In this article we are going to discuss about how to pick and delete only specific files from the ADLS storage container by passing filenames taken from a excel/csv file column value.
File deletion:
Recently I came across a requirement for file deletion in ADLS. Azure Data Factory’s delete activity is enough to complete this task, but the tricky part is the activity should delete only the objects that are present in the excel File_Name column. Let us see how this was achieved with a practical demo.
For this demo I am going to upload few sample files including the ones which I am trying to delete into a folder in my ADLS Gen2 directory. Apart from this I must create a excel file which includes the filenames to be deleted present in column B; like below. One common question that might arrive here is how we can pick exactly the file name column if there are multiple columns present in the excel sheet. This can be achieved using the range option during creation of the source dataset which we will see in the next section.


Steps:
Click and drag Lookup activity into your ADF pipeline canvas which is going to read out the file names that you want to be deleted.

Next go the settings tab and create the dataset which contain the excel file with the filename column. In the source dataset option click on +New and set file type as excel, then you will arrive at the following step.
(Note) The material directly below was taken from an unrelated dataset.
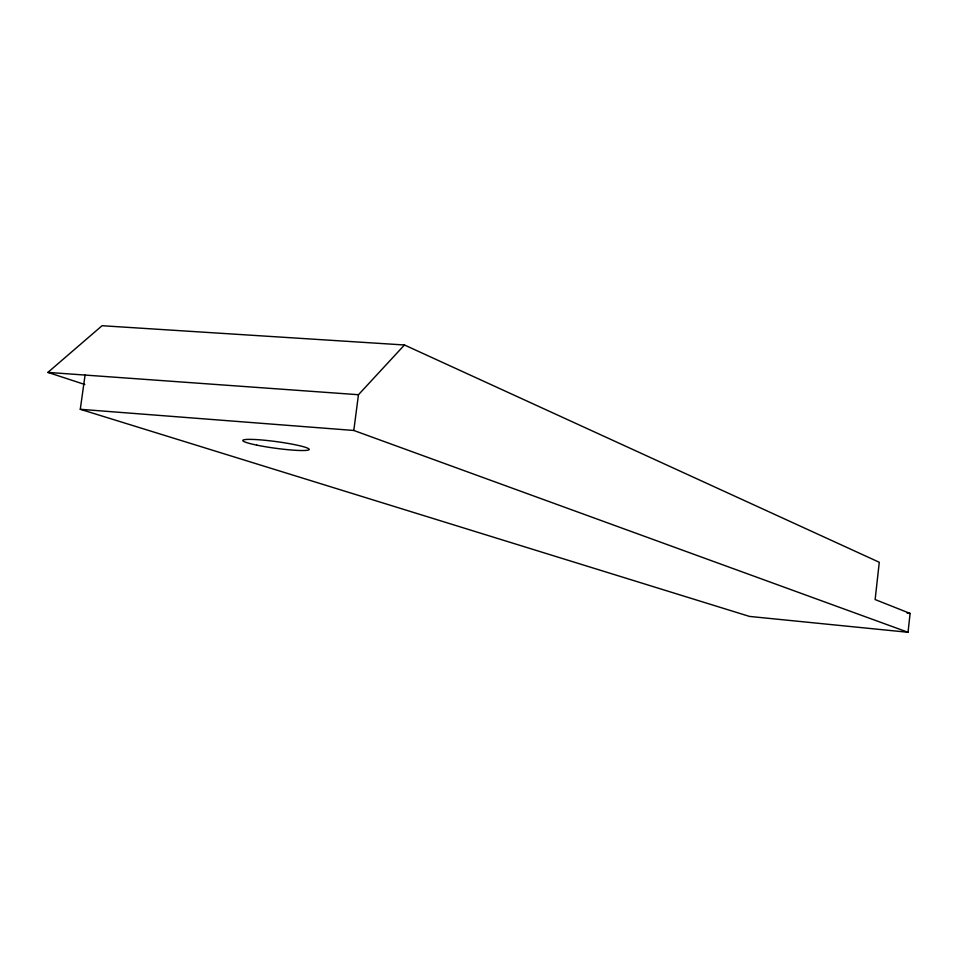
<?xml version="1.0" encoding="UTF-8"?>
<svg xmlns="http://www.w3.org/2000/svg" width="958" height="958" viewBox="0 0 958 958"><rect width="100%" height="100%" fill="white"/><g stroke="black" fill="none" stroke-linecap="round" stroke-linejoin="round"><path stroke-width="1.44" d="M85.082 375.069L80.28 409.294L749.515 616.425L908.028 632.28L910.1 613.431L875.133 599.564L879.276 562.274L404.456 344.988L102.063 325.72L47.9 372.399L84.819 384.505M908.028 632.28L353.801 430.465L358.46 394.72L404.456 344.988M47.9 372.399L358.46 394.72M80.28 409.294L353.801 430.465M907.142 613.144L910.1 613.431M256.792 445.135A33.542 3.353 7.7 0 0 309.111 449.661A33.542 3.353 7.7 0 0 262.145 440.021A33.542 3.353 7.7 0 0 256.792 445.135"/></g></svg>

- Path of the excel file which will function as source with all the filenames to be deleted.
- Select the sheet name if you excel sheet has more than one.
- Range is the one which you can mention to pick the cells starting and ending including the row and column name. In my case if you could scroll up the excel sheet screenshot you can see the filenames are present from column B cell 2 through 10, hence I have marked it as a range. In this way it will read only the specific data ignore all other which we do not need.
In range field, I have limited It to certain rows only as I know which column and up until which row the file names would be and that it will not be changing. In case you are going to append or delete the file names into the excel in future you can leave the range field open as ‘B2’ instead of ‘B2:B9’.
Now after the dataset is set, we are going to pass the output of the lookup activity into the foreach activity. Once under the foreach ‘settingsàitems’ tab enter the following expression for passing the output from lookup activity.
@activity('SourceNameFileLookup').output.value

Inside the foreach activity, create a delete activity and set the dataset pointing towards the folder where you want to delete the files from like below.

So far we have setup pipeline but did not pass the file name from the foreach to the delete activity. With the current setup the delete activity will delete the entire folder containing the files that we are searching for. Hence we have to make sure we have passed the filename variable to the filename parameter in the delete activity to make sure only the files are deleted.
In the dataset used by the delete activity, create a string variable called ‘filename’ and pass it on to the filename field of the dataset File path.

In the source settings of the delete activity, I am calling out the column name of the excel file that we are looking up initially. The column name is ‘Prop_0’ which I chose to leave it as a system generated one, in case your lookup file has headers you can mention in the dataset and call out here.
The pipeline is now ready, lets run it to see if we are getting the files deleted.

The pipeline has been triggered and completed successfully.

We can see it has deleted the files compared to the input present in the excel column and below are the only files those are left after the pipeline activity run is successful.

Most or almost all of the projects has this requirement to clean-up specific stale files for reduce cloud cost incurred from the storage blob. Removing them based on name/type by referring them directly from a file rather than input them manually is time saving and can be automated as well. I hope these steps would come handy for such scenarios, let me know for any questions.